> Task to complete
For each line of the listing that contains "radius", make a copy and return it.

*** Opening of Provided material ***

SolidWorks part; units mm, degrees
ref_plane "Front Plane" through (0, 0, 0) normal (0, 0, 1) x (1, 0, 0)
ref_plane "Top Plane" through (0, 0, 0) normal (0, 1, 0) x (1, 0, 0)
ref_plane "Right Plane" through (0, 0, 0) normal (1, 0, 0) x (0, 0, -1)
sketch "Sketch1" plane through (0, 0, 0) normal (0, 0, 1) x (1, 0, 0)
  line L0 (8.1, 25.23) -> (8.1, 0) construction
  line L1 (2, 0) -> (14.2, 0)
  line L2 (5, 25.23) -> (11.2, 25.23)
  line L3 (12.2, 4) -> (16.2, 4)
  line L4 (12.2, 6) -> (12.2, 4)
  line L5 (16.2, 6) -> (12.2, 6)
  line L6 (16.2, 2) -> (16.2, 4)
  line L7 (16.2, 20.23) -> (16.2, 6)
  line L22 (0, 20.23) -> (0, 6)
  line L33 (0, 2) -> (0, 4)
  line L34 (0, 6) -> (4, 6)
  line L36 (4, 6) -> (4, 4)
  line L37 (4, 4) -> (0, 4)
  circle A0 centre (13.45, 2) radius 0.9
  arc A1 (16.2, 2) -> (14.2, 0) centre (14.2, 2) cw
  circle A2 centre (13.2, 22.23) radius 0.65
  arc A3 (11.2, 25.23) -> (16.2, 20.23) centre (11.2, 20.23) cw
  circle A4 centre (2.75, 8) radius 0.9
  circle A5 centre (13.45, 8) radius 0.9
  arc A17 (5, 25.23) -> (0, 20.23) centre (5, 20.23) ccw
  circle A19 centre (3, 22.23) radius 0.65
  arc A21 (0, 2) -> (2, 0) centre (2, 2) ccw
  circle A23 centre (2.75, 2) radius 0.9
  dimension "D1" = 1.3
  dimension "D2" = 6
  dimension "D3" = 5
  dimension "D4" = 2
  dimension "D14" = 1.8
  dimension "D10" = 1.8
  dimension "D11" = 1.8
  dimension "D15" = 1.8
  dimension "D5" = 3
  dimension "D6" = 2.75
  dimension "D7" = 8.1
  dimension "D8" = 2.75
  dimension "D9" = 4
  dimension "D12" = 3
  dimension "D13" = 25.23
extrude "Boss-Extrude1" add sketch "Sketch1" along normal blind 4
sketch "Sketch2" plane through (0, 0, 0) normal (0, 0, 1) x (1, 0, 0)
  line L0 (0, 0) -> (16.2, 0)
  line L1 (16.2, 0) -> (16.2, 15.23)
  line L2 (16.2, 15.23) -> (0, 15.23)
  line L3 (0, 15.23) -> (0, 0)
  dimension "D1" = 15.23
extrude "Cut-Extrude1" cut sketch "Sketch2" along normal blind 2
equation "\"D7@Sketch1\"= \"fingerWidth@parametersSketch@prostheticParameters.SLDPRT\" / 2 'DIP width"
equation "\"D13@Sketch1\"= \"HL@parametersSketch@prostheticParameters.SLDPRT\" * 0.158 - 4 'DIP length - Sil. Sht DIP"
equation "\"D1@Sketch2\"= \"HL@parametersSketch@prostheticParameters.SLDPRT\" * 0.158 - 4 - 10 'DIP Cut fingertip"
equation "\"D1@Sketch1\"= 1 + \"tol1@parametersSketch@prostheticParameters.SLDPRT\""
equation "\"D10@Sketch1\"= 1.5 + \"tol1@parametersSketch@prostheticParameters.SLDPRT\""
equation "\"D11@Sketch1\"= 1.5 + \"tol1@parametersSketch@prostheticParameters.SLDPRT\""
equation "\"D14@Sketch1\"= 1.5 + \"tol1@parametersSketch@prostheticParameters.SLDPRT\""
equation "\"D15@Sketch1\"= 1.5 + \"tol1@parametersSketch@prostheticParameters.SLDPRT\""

*** Close of Provided material ***

> Result
  circle A0 centre (13.45, 2) radius 0.9
  circle A2 centre (13.2, 22.23) radius 0.65
  circle A4 centre (2.75, 8) radius 0.9
  circle A5 centre (13.45, 8) radius 0.9
  circle A19 centre (3, 22.23) radius 0.65
  circle A23 centre (2.75, 2) radius 0.9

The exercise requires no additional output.